C1orf106
C1orf106: A Gene with Intriguing Implications
Description
C1orf106 (chromosome 1 open reading frame 106) is a gene located on chromosome 1 in humans. It consists of approximately 140,000 base pairs and encodes a protein of 460 amino acids known as GRASP55 (glycerol-3-phosphate acyltransferase-specific protein of 55 kDa).
GRASP55 is primarily expressed in the liver and plays a vital role in lipid metabolism, specifically in the synthesis of triglycerides, the main form of fat storage in the body.

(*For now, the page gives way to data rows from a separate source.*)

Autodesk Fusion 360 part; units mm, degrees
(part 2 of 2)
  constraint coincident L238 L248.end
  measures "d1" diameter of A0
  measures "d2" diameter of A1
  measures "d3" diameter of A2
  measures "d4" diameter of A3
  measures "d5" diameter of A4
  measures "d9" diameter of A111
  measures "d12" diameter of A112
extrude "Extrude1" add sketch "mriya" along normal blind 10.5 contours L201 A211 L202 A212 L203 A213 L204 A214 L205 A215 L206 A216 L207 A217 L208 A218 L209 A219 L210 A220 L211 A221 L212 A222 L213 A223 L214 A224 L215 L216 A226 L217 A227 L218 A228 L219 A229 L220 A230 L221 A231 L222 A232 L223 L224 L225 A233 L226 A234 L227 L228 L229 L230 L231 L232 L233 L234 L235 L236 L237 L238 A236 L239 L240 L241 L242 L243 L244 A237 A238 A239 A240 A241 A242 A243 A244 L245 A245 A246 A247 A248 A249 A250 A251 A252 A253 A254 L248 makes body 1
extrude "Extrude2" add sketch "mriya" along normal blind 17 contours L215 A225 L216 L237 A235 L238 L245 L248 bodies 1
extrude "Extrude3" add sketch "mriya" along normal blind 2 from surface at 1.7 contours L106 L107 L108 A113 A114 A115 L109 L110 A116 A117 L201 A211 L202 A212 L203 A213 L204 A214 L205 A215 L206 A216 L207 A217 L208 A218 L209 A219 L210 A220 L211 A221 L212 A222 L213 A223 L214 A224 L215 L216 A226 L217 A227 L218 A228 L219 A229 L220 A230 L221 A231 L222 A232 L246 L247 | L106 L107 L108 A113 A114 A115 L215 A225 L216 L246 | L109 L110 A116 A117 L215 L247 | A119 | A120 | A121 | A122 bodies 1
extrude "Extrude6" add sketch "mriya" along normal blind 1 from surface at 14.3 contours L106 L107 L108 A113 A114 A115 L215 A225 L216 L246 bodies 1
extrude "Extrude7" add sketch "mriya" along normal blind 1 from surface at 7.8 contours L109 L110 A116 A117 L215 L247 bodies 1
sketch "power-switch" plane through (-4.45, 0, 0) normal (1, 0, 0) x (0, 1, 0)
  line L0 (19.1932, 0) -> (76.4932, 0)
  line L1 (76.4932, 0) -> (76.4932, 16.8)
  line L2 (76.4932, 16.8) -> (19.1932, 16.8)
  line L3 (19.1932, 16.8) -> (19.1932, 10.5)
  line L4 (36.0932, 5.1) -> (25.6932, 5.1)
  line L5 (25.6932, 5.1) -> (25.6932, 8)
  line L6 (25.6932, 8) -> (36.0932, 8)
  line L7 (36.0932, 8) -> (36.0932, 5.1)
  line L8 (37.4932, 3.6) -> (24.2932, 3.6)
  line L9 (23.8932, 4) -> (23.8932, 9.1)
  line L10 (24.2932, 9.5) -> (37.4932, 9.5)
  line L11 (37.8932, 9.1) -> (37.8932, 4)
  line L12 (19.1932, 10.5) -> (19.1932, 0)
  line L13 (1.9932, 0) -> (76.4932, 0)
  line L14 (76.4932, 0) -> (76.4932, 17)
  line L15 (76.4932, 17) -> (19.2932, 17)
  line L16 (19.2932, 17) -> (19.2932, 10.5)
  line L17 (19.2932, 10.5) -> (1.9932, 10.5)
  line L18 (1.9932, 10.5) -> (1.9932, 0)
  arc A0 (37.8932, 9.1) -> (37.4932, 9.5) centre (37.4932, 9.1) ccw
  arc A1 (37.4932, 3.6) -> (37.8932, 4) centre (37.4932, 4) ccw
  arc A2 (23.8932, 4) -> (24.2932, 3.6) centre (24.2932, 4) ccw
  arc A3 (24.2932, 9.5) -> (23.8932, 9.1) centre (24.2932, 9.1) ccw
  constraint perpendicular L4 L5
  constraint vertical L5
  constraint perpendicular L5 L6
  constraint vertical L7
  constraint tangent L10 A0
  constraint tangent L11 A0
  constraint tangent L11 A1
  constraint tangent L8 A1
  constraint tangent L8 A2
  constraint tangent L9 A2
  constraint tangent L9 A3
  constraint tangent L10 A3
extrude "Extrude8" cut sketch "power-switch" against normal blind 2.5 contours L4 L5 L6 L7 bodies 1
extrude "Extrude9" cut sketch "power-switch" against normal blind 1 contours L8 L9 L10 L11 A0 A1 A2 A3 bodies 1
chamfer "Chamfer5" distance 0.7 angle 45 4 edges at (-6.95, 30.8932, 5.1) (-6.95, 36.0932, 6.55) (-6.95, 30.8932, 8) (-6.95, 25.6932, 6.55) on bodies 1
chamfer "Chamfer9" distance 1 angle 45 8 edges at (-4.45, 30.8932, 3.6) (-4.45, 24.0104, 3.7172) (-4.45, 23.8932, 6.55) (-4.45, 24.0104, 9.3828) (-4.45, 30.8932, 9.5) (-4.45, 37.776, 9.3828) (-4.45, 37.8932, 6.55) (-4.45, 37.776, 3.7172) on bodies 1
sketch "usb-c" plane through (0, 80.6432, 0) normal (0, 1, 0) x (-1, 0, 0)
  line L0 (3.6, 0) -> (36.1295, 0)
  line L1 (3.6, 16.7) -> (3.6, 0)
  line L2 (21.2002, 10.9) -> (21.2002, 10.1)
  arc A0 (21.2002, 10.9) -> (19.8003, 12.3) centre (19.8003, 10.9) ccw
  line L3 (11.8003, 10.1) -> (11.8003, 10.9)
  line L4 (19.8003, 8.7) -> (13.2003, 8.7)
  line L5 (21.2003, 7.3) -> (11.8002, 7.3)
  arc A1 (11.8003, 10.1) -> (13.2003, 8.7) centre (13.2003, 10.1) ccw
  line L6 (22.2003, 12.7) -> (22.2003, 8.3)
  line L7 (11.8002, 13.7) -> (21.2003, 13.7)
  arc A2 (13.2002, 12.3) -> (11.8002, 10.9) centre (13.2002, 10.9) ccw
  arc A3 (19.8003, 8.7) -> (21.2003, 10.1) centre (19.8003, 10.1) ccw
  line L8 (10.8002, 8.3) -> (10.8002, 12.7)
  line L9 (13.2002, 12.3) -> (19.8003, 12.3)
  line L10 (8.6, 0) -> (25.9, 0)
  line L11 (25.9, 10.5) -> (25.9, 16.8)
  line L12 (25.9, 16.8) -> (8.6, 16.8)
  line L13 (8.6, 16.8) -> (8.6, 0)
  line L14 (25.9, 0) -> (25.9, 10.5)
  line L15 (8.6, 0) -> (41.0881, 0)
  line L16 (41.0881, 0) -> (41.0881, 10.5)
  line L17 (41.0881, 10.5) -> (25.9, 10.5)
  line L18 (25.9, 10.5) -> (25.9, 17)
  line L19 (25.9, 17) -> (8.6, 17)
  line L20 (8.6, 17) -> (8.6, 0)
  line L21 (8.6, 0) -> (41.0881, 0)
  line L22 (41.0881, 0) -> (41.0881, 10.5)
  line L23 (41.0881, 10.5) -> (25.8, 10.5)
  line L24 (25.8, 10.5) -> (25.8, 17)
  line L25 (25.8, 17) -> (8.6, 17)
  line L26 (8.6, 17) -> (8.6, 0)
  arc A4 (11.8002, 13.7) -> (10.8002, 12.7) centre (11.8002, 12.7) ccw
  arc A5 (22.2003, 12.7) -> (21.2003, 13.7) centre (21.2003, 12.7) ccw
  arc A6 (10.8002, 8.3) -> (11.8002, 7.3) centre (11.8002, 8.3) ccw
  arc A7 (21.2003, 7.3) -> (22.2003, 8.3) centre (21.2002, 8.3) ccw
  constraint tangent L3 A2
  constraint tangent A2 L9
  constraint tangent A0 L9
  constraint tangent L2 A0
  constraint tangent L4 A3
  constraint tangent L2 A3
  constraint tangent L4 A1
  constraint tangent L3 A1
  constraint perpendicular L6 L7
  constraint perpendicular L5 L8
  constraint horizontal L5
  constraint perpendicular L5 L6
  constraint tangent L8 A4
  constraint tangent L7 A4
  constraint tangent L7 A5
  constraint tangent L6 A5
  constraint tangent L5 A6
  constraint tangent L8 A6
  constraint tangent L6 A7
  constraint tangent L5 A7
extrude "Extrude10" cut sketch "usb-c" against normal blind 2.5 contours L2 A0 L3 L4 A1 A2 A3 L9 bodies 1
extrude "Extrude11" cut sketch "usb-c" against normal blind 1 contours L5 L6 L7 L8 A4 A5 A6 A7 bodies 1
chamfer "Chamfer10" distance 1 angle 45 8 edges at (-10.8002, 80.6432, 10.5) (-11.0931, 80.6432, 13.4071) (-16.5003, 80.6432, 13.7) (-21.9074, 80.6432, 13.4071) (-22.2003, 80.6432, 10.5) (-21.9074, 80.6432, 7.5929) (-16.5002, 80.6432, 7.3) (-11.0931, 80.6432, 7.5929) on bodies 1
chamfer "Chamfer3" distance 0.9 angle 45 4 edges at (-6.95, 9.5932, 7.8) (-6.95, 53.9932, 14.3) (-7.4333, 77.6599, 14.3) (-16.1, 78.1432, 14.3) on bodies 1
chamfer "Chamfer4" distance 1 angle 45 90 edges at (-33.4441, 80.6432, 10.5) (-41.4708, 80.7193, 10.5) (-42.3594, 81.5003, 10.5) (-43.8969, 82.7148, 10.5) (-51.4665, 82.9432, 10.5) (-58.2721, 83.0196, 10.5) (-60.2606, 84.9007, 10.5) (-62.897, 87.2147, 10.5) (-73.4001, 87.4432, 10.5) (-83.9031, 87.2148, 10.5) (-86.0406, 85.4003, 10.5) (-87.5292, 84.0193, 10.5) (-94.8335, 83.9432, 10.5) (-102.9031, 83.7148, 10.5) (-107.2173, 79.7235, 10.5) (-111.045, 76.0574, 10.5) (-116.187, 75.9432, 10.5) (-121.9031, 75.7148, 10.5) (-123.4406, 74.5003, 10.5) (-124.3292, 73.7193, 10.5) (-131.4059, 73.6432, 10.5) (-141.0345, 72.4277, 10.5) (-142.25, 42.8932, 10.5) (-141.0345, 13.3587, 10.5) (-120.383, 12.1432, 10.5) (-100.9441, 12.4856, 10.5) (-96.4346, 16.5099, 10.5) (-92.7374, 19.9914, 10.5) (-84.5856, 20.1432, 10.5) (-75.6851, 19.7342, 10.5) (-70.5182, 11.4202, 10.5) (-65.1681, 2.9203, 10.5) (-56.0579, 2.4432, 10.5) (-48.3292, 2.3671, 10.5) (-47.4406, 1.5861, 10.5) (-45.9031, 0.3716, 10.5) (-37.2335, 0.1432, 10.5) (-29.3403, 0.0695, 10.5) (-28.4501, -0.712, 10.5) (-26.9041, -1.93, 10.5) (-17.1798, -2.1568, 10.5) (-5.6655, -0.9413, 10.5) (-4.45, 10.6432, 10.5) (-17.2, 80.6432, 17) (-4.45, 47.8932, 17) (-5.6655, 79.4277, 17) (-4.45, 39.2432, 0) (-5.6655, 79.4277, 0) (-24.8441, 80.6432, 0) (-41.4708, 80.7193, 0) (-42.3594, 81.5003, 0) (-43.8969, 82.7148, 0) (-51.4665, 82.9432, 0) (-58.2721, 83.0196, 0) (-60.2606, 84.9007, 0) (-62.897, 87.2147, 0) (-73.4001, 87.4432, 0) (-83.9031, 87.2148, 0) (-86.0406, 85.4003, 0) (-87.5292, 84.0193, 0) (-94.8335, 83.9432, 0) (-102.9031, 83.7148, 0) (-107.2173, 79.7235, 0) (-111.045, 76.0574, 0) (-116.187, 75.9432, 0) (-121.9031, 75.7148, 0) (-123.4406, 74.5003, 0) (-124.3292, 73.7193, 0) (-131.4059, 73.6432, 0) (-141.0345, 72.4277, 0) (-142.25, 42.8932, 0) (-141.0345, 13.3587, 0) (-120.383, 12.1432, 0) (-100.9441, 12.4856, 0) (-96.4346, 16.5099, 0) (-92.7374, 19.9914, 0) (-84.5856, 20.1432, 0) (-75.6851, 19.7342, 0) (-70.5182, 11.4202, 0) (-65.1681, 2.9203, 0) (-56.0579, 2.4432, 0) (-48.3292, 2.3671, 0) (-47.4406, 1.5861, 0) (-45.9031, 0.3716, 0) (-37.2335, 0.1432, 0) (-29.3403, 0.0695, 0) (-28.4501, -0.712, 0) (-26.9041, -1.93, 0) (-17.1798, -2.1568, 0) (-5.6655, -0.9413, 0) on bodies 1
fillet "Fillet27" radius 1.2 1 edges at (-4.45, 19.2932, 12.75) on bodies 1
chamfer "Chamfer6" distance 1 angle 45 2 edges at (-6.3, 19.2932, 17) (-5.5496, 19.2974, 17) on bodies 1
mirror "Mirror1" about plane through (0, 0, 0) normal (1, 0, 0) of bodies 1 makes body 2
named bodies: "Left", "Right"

It interacts with various proteins involved in lipid metabolism, including glycerol-3-phosphate acyltransferase (GPAT), an enzyme that initiates triglyceride synthesis.
Associated Diseases
Mutations in the C1orf106 gene have been linked to several diseases, including:
- Non-alcoholic fatty liver disease (NAFLD): A condition characterized by the accumulation of excess fat in the liver in individuals who do not consume excessive alcohol.
- Obesity: C1orf106 mutations have been associated with increased risk of obesity and related complications, such as type 2 diabetes and cardiovascular disease.
- Hypertriglyceridemia: A condition characterized by elevated levels of triglycerides in the blood.
Did you Know ?
A study published in the journal Nature Genetics found that a common genetic variant in the C1orf106 gene was associated with a 20% higher risk of NAFLD. This highlights the significant role that this gene plays in liver health and metabolic disorders.